Efficacy of Centrally Acting Neuromodulators During Management Hyperemesis Gravidarium: Hospital Based Study

Document Type : Original Article

Authors

1 Obstetrics and gynaecology departement, faculty of medicine, mansoura university, mansoura, egypt

2 obstetrics and gynaecology departement.faculty of medicine,mansoura university,egypt.

3 obstetrics and gynaecology departement.faculty of medicine,mansoura university,egypt

10.21608/ebwhj.2025.378946.1456

Abstract

Background: Hyperemesis gravidarum (HG), chemotherapy-induced nausea and vomiting, and postoperative nausea and vomiting were among the disorders alleviated by gabapentin's anti-nausea and anti-emetic properties.
Aim: To investigate the comparative impact of gabapentin versus standard treatment protocols for HG.
Methods: This randomized controlled open-label trial involved 160 pregnant women aged over 18 with HG. Participants were assigned to two equal groups: Group A, receiving 300mg of gabapentin, and Group B, receiving 7.5mg of metoclopramide.
Results: On days 2 and 3 after initial therapy, group A showed substantially lower Pregnancy-Unique Quantification of Emesis and Nausea (PQUE) scores than in group B (P <0.05).
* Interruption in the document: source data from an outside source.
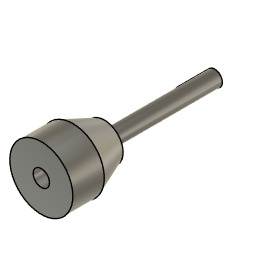
Motor_wheel_holder (Autodesk Fusion 360 archive; units mm, degrees)
design "Shaft"
Autodesk Fusion 360 part; units mm, degrees
sketch "Sketch1" plane through (0, 0, 0) normal (1, 0, 0) x (0, 1, 0)
  line L0 (0, 0) -> (55, 0) construction
  line L1 (55, 0) -> (55, 2.45)
  line L2 (20, 2.45) -> (20, 5.95)
  line L3 (12, 0) -> (9.8183, 2.6)
  line L4 (9.8183, 2.6) -> (0, 2.6)
  line L5 (12, 0) -> (55, 0)
  line L6 (0, 10) -> (0, 2.6)
  line L7 (20, 2.45) -> (55, 2.45)
  line L8 (0, 10) -> (10, 9.9769)
  line L9 (10, 9.9769) -> (20, 5.95)
  dimension "d1" = 2.45
  dimension "d3" = 50
  dimension "d4" = 12
  dimension "d5" = 20
  dimension "d7" = 2.6
  dimension "d8" = 55
  dimension "d18" = 10
  dimension "d19" = 10
  dimension "d20" = 158.199
  dimension "d21" = 3.5
  constraint coincident L0.start origin
  constraint horizontal L0
  constraint perpendicular L0 L1
  constraint coincident L0 L3.start
  constraint parallel L0 L4
  constraint perpendicular L4 L6
  constraint coincident L0.start L6
  constraint perpendicular L1 L7
  measures "d1" distance of L0.end L1.end
  measures "d3" angle of L0 L3
  measures "d4" distance of L3.start L6
  measures "d5" distance of L2 L6
  measures "d7" distance of L0.start L4
  measures "d8" distance of L1 L4.end
  measures "d18" distance of L0.start L8
  measures "d19" distance of L8.end L6.start
  measures "d20" angle of L8 L9
  measures "d21" distance of L2.end L7
revolve "Revolve1" add sketch "Sketch1" angle 360 about axis through (0, 0, 0) along (0, 1, 0)
ref_plane "WorkPlane1" through (-2.45, 48.8519, 0) normal (-1, 0, 0) x (0, 0, -1)
sketch "Sketch2" plane through (-2.45, 0, 0) normal (-1, 0, 0) x (0, -1, 0)
  line L0 (-55, -5) -> (-45, -5)
  line L1 (-45, -5) -> (-45, 5)
  line L2 (-45, 5) -> (-55, 5)
  line L3 (-55, 5) -> (-55, -5)
  constraint horizontal L0
  constraint vertical L1
  constraint horizontal L2
  constraint vertical L3
extrude "Extrude1" cut sketch "Sketch2" against normal blind 0.5
ref_plane "WorkPlane2" through (-9.9885, 5, 0) normal (-0.999997, 0.002314, 0) x (0, 0, -1)
sketch "Sketch3" plane through (-10, 0.0231, 0) normal (-0.999997, 0.002314, 0) x (-0.002314, -0.999997, 0)
  point P0 (-5, 0)
  dimension "d22" = 5
  measures "d22" distance of origin P0
hole "Hole1" at (-9.9884, 5.0231, 0) direction (0.999997, -0.002314, 0) diameter 4 depth 10 tip angle 118

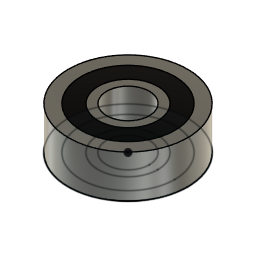
design "Bearing"
Autodesk Fusion 360 part; units mm, degrees
sketch "Sketch1" plane through (0, 0, 0) normal (0, 0, 1) x (1, 0, 0)
  circle A0 centre (0, 0) radius 7
  circle A1 centre (0, 0) radius 2.5
  circle A2 centre (0, 0) radius 3.5
  circle A3 centre (0, 0) radius 5.5
  dimension "d1" = 14
  dimension "d2" = 5
  dimension "d3" = 7
  dimension "d4" = 11
  constraint coincident A0.centre A1.centre
  constraint concentric A1 A2
  constraint concentric A2 A3
  measures "d1" diameter of A0
  measures "d2" diameter of A1
  measures "d3" diameter of A2
  measures "d4" diameter of A3
extrude "Extrude1" add sketch "Sketch1" along normal blind 5 contours A0 makes body 1
extrude "Extrude2" add sketch "Sketch1" along normal blind 5 separate body contours A3 makes body 2
extrude "Extrude3" add sketch "Sketch1" along normal blind 5 separate body contours A2 makes body 3
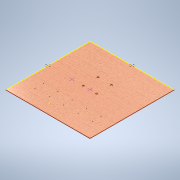
# Autodesk Inventor part: фанера
Saved by Autodesk Inventor 2020.1 (Build 241239000, 239)
## iProperties
Created: 2021-10-28
Part Number: фанера
Material: Древесина (дуб)
Document SubType Name: Modeling
Designer: Ni3na
Density: 0.76 g/cm^3
Appearance: Белый дуб — натуральный — с умеренным глянцем
Author: Ni3na
Autodesk Inventor part; units mm, degrees
ref_plane "YZ Plane" through (0, 0, 0) normal (1, 0, 0) x (0, 1, 0)
ref_plane "XZ Plane" through (0, 0, 0) normal (0, 1, 0) x (-1, 0, 0)
ref_plane "XY Plane" through (0, 0, 0) normal (0, 0, 1) x (1, 0, 0)
sketch "Эскиз1" plane through (0, 0, 0) normal (0, 1, 0) x (-1, 0, 0)
  line L0 (157.9407, 48.2001) -> (-242.0593, 48.2001)
  line L1 (-242.0593, 48.2001) -> (-242.0593, -351.7999)
  line L2 (-242.0593, -351.7999) -> (157.9407, -351.7999)
  line L3 (157.9407, -351.7999) -> (157.9407, 48.2001)
  point P0 (0, 0)
  dimension "d0" = 400
  dimension "d1" = 400
  constraints: 8 end point, 2 parallel, 1 horizontal, 1 perpendicular
  measures "d0" distance of L1.end L2.end
  measures "d1" distance of L0.end L1.end
extrude "Выдавливание1" add sketch "Эскиз1" along normal blind 2
sketch "Эскиз2" plane through (0, 2, 0) normal (0, 1, 0) x (1, 0, 0)
  line L0 (-157.9407, 351.7999) -> (-157.9407, -48.2001) projected
  line L1 (242.0593, 351.7999) -> (-157.9407, 351.7999) projected
  point P0 (0, 0)
  point P1 (-157.9407, 151.7999)
  point P2 (42.0593, 351.7999)
  point P3 (42.0593, 151.7999)
  point P4 (42.0593, 151.7999)
  point P5 (-44.4271, 151.7999)
  constraints: 2 midpoint, 1 coincident
sketch "Эскиз6" plane through (0, 0, 0) normal (0, -1, 0) x (1, 0, 0)
  line L0 (242.0593, -351.7999) -> (-157.9407, -351.7999) projected
  line L1 (-157.9407, -351.7999) -> (-157.9407, 48.2001) projected
  circle A0 centre (10.0593, -151.7939) radius 4
  circle A1 centre (42.0593, -186.9912) radius 47.5694
  circle A2 centre (74.0593, -151.7939) radius 4
  circle A3 centre (74.0593, -222.1885) radius 4
  circle A4 centre (10.0593, -222.1885) radius 4
  point P0 (0, 0)
  point P1 (42.0593, -351.7999)
  point P2 (-157.9407, -151.7999)
  point P3 (27.0149, -151.5386)
  dimension "d22" = 8
  dimension "d23" = 8
  dimension "d24" = 8
  dimension "d25" = 8
  dimension "d26" = 70.3946
  dimension "d27" = 64
  dimension "d28" = 70.3946
  dimension "d29" = 64
  constraints: 5 centre point, 4 point on circle, 2 coincident, 2 midpoint
  measures "d22" diameter of A0
  measures "d23" diameter of A2
  measures "d24" diameter of A3
  measures "d25" diameter of A4
  measures "d26" distance of A0.centre A4.centre
  measures "d27" distance of A0.centre A2.centre
  measures "d28" distance of A3.centre A2.centre
  measures "d29" distance of A4.centre A3.centre
extrude "Выдавливание3" cut sketch "Эскиз6" against normal blind 10 contours A0 A1 | A1 A0 | A2 A1 | A1 A2 | A4 A1 | A1 A4 | A3 A1 | A1 A3
sketch "Эскиз7" plane through (0, 0, 0) normal (0, -1, 0) x (1, 0, 0)
  circle A0 centre (178.7593, -26.7999) radius 1
  circle A1 centre (-94.4407, -26.7999) radius 1
  circle A2 centre (-26.1407, -26.7999) radius 1
  circle A3 centre (42.1593, -26.7999) radius 1
  circle A4 centre (110.4593, -26.7999) radius 1
  line L0 (242.0593, 48.2001) -> (242.0593, -351.7999) projected
  line L1 (-157.9407, 48.2001) -> (242.0593, 48.2001) projected
  circle A5 centre (178.7593, -66.7999) radius 1
  circle A6 centre (110.4593, -66.7999) radius 1
  circle A7 centre (42.0593, -66.7999) radius 1
  circle A8 centre (-26.1407, -66.7999) radius 1
  circle A9 centre (-94.4407, -66.7999) radius 1
  point P0 (0, 0)
  dimension "d33" = 2
  dimension "d34" = 2
  dimension "d35" = 2
  dimension "d36" = 2
  dimension "d37" = 2
  dimension "d38" = 63.3
  dimension "d39" = 75
  dimension "d40" = 68.3
  dimension "d41" = 68.3
  dimension "d42" = 68.3
  dimension "d43" = 68.3
  dimension "d44" = 2
  dimension "d45" = 2
  dimension "d46" = 2
  dimension "d47" = 2
  dimension "d48" = 40
  dimension "d49" = 40
  dimension "d50" = 40
  dimension "d51" = 40
  dimension "d52" = 40
  constraints: 10 centre point
  measures "d33" diameter of A0
  measures "d34" diameter of A1
  measures "d35" diameter of A2
  measures "d36" diameter of A3
  measures "d37" diameter of A4
  measures "d38" distance from line of A0.centre L0
  measures "d39" distance from line of L1 A0.centre
  measures "d40" distance of A4.centre A0.centre
  measures "d41" distance of A3.centre A4.centre
  measures "d42" distance of A2.centre A3.centre
  measures "d43" distance of A2.centre A1.centre
  measures "d44" diameter of A5
  measures "d45" diameter of A6
  measures "d46" diameter of A8
  measures "d47" diameter of A9
  measures "d48" distance of A0.centre A5.centre
  measures "d49" distance of A4.centre A6.centre
  measures "d50" vertical distance of A3.centre A7.centre
  measures "d51" distance of A2.centre A8.centre
  measures "d52" distance of A1.centre A9.centre
extrude "Выдавливание4" cut sketch "Эскиз7" against normal blind 10
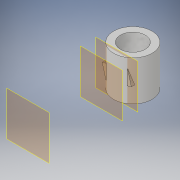
# Autodesk Inventor part: Propeller
Saved by Autodesk Inventor 2017 (Build 210142000, 142)
## iProperties
Created: 2018-05-10
Part Number: Propeller
Material: Generic
Document SubType Name: Modeling
Designer: Kyle
Density: 1 g/cm^3
Appearance: Default
Author: Kyle
Autodesk Inventor part; units mm, degrees
ref_plane "YZ Plane" through (0, 0, 0) normal (1, 0, 0) x (0, 1, 0)
ref_plane "XZ Plane" through (0, 0, 0) normal (0, 1, 0) x (-1, 0, 0)
sketch "Sketch1" plane through (0, 0, 0) normal (0, 1, 0) x (-1, 0, 0)
  circle A0 centre (0, 0) radius 2.4498
  circle A1 centre (0, 0) radius 3.791
  dimension "d0" = 4.8997
  dimension "d8" = 7.5819
  constraints: 2 centre point, 2 coincident
  measures "d0" diameter of A0
  measures "d8" diameter of A1
extrude "Extrusion1" add sketch "Sketch1" along normal blind 7.9045
ref_plane "Work Plane1" through (0, 0, 3.175) normal (0, 0, 1) x (1, 0, 0)
sketch "Sketch2" plane through (0, 0, 3.175) normal (0, 0, 1) x (1, 0, 0)
  line L0 (3.791, 7.9045) -> (-3.791, 7.9045) construction
  line L1 (0, 7.9045) -> (0, 0) construction
  line L2 (-2.8757, 4.6253) -> (-2.1539, 1.9315)
  line L3 (-2.1539, 1.9315) -> (2.8757, 3.2791)
  line L4 (2.8757, 3.2791) -> (2.1539, 5.973)
  line L5 (2.1539, 5.973) -> (-2.8757, 4.6253)
  line L6 (-2.8757, 4.6253) -> (2.8757, 3.2791) construction
  line L7 (-2.1539, 1.9315) -> (2.1539, 5.973) construction
  line L8 (-2.8757, 4.6253) -> (-0.0868, 4.6253) construction
  point P0 (0, 3.9522)
  dimension "d12" = 2.7889
  dimension "d13" = 75
  dimension "d14" = 5.207
  constraints: 16 end point, 4 midpoint, 2 parallel, 1 equal length, 1 horizontal, 1 perpendicular, 1 vertical
  measures "d12" distance of L2.start L2.end
  measures "d13" angle of L2 L8
  measures "d14" distance of L3.end L2.end
ref_plane "Work Plane3" through (0, 0, 20.7391) normal (0, 0, 1) x (1, 0, 0)
ref_plane "Work Plane2" through (0, 0, 6.2255) normal (0, 0, 1) x (1, 0, 0)
extrude "Extrusion2" add sketch "Sketch2" against normal blind 0.635
equation "\"d1\" = 7.7978"
equation "\"d2\" = 3.23596"
equation "\"d3\" = 9.60882"
equation "\"d4\" = 4.89966"
equation "\"d5\" = 1.98374"
equation "\"d6\" = 1.4732"
equation "\"d7\" = 1.23952"
body "Solid1"
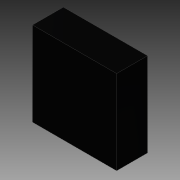
# Autodesk Inventor part: XFL3010
Saved by Autodesk Inventor 2013 (Build 170138000, 138)
## iProperties
Created: 2015-07-04
Part Number: XFL3010
Material: Ogólny
Document SubType Name: Modeling
Designer: terg
Density: 1 g/cm^3
Author: terg
Autodesk Inventor part; units mm, degrees
ref_plane "YZ Plane" through (0, 0, 0) normal (1, 0, 0) x (0, 1, 0)
ref_plane "XZ Plane" through (0, 0, 0) normal (0, 1, 0) x (-1, 0, 0)
ref_plane "XY Plane" through (0, 0, 0) normal (0, 0, 1) x (1, 0, 0)
sketch "Szkic1" plane through (0, 0, 0) normal (0, 1, 0) x (-1, 0, 0)
  line L0 (0, 0) -> (-3, 0)
  line L1 (-3, 0) -> (-3, -3)
  line L2 (-3, -3) -> (0, -3)
  line L3 (0, -3) -> (0, 0)
  dimension "d0" = 3
  dimension "d1" = 3
  constraints: 8 end point, 2 parallel, 1 horizontal, 1 perpendicular
  measures "d0" distance of L2.end L1.end
  measures "d1" distance of L1.end L0.end
extrude "Wyciągnięcie proste1" add sketch "Szkic1" along normal blind 1.1
sketch "Szkic2" plane through (0, 1.1, 0) normal (0, 1, 0) x (1, 0, 0)
  line L0 (0, 3) -> (0, 0) projected
  spline S0 degree 4 poles (1.6944, 2.1983) (1.9716, 2.511) (1.4563, 2.727) (0.465, 2.1643) (1.5453, 1.3461) (1.9081, 1.8041) knots 0 0 0 0 0 0.450582 1 1 1 1 1
  spline S1 degree 4 poles (1.7996, 2.1884) (2.0597, 2.5341) (1.506, 3.0725) (0.1344, 1.9443) (1.5513, 1.2446) (1.9975, 1.7232) knots 0 0 0 0 0 0.451956 1 1 1 1 1
  line L1 (1.6944, 2.1983) -> (1.8069, 2.1983)
  line L2 (1.9081, 1.8041) -> (1.9975, 1.7232)
  line L3 (0.8383, 1.1084) -> (0.9683, 1.1084)
  line L4 (0.9683, 1.1084) -> (0.9683, 0.4084)
  line L5 (0.9683, 0.4084) -> (0.8383, 0.4084)
  line L6 (0.8383, 0.4084) -> (0.8383, 1.1084)
  line L7 (0.5968, 0.8566) -> (0.7468, 0.8566)
  line L8 (0.5968, 0.8566) -> (0.8383, 1.1084)
  line L9 (0.7468, 0.8566) -> (0.8383, 0.9385)
  ellipse E0 centre (1.4307, 0.7584) end of major axis (1.4307, 0.4084) minor radius 0.2548
  ellipse E1 centre (1.4307, 0.7584) end of major axis (1.4307, 0.5022) minor radius 0.161
  arc A0 (2.2664, 0.8011) -> (1.8927, 0.8794) centre (2.0918, 0.8986) ccw
  arc A1 (2.17, 0.8011) -> (1.9683, 0.8794) centre (2.0918, 0.8986) ccw
  line L10 (1.8927, 0.8794) -> (1.9683, 0.8794)
  line L11 (2.17, 0.8011) -> (2.2664, 0.8011)
  line L12 (1.8869, 0.4884) -> (2.3869, 0.4884)
  line L13 (2.3869, 0.4884) -> (2.3869, 0.4084)
  line L14 (2.3869, 0.4084) -> (1.8869, 0.4084)
  line L15 (1.8869, 0.4084) -> (1.8869, 0.4884)
  line L16 (2.17, 0.8011) -> (1.8869, 0.4884)
  line L17 (2.2664, 0.8011) -> (2.042, 0.4884)
  point P0 (1.4399, 2.5011)
  point P1 (1.1013, 2.2094)
  point P2 (1.2284, 1.7658)
  point P3 (1.7651, 2.4967)
  point P4 (1.8334, 2.577)
  point P5 (1.435, 2.6153)
  point P6 (0.9802, 2.1884)
  point P7 (1.1387, 1.6641)
  dimension "d8" = 0.13
  dimension "d9" = 0.7
  dimension "d10" = 0.15
  dimension "d11" = 0.35
  dimension "d12" = 0.4
  dimension "d13" = 0.25
  dimension "d14" = 0.5
  dimension "d15" = 0.08
  dimension "d16" = 0.35
  dimension "d19" = 0.4625
  dimension "d20" = 0.462
  constraints: 34 end point, 5 parallel, 5 perpendicular, 4 point on circle, 3 horizontal, 2 centre point, 2 coincident, 2 point on line, 1 vertical, 17 other
  measures "d8" distance of L4.end L5.end
  measures "d9" distance of L3.end L4.end
  measures "d10" distance of L7.start L7.end
  measures "d11" distance from line of point (1.431, 0.758) L3
  measures "d12" diameter of A0
  measures "d13" diameter of A1
  measures "d14" distance of L13.end L14.end
  measures "d15" distance of L12.end L13.end
  measures "d16" distance from line of point (1.431, 0.758) L14
  measures "d19" distance from line of L4 point (1.431, 0.758)
  measures "d20" horizontal distance of point (1.431, 0.758) L10.start
extrude "Wyciągnięcie proste2" cut sketch "Szkic2" against normal blind 0.1

Eating scores over the first week were similar between the two groups. Urine acetone levels on day 7 were significantly different between groups (P= 0.042). Group A had considerably lower urine output on admission and days 1, 5, 6, and 7 (P <0.05), as well as lower fluid input on day 4 (P= 0.05). Fluid loss was higher in group A on admission and days 2 and 3 (P <0.05).
Conclusion: Gabapentin is a good alternative to metoclopramide in management of HG cases after initial standard replacement therapy for three days especially in lowering acetone in urine on day seven and decreasing PQUE score.